- **Work instructions**
Below are records that should be duplicated exactly, with no image retained.

- **Given information**
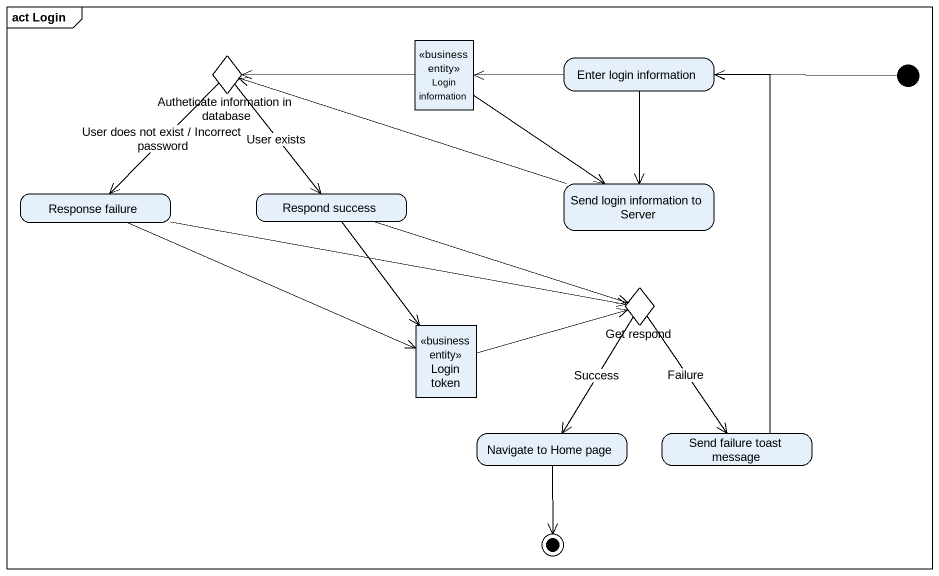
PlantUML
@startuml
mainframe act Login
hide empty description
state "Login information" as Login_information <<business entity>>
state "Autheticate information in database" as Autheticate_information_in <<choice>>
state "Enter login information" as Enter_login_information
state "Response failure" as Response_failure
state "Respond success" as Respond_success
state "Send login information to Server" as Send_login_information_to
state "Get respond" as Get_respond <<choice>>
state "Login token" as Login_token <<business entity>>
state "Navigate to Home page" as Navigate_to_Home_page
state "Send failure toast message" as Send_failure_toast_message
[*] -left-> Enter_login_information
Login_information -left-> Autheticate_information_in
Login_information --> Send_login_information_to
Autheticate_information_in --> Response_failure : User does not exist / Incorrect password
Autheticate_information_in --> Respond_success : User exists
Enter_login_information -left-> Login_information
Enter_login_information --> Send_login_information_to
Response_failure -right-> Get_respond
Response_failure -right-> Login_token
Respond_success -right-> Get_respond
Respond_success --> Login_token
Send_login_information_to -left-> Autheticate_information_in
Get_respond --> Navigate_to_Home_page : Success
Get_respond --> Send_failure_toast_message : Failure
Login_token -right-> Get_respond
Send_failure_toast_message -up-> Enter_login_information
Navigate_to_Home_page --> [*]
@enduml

- **Exercise output**
PlantUML
@startuml
mainframe act Login
hide empty description
state "Login information" as Login_information <<business entity>>
state "Autheticate information in database" as Autheticate_information_in <<choice>>
state "Enter login information" as Enter_login_information
state "Response failure" as Response_failure
state "Respond success" as Respond_success
state "Send login information to Server" as Send_login_information_to
state "Get respond" as Get_respond <<choice>>
state "Login token" as Login_token <<business entity>>
state "Navigate to Home page" as Navigate_to_Home_page
state "Send failure toast message" as Send_failure_toast_message
[*] -left-> Enter_login_information
Login_information -left-> Autheticate_information_in
Login_information --> Send_login_information_to
Autheticate_information_in --> Response_failure : User does not exist / Incorrect password
Autheticate_information_in --> Respond_success : User exists
Enter_login_information -left-> Login_information
Enter_login_information --> Send_login_information_to
Response_failure -right-> Get_respond
Response_failure -right-> Login_token
Respond_success -right-> Get_respond
Respond_success --> Login_token
Send_login_information_to -left-> Autheticate_information_in
Get_respond --> Navigate_to_Home_page : Success
Get_respond --> Send_failure_toast_message : Failure
Login_token -right-> Get_respond
Send_failure_toast_message -up-> Enter_login_information
Navigate_to_Home_page --> [*]
@enduml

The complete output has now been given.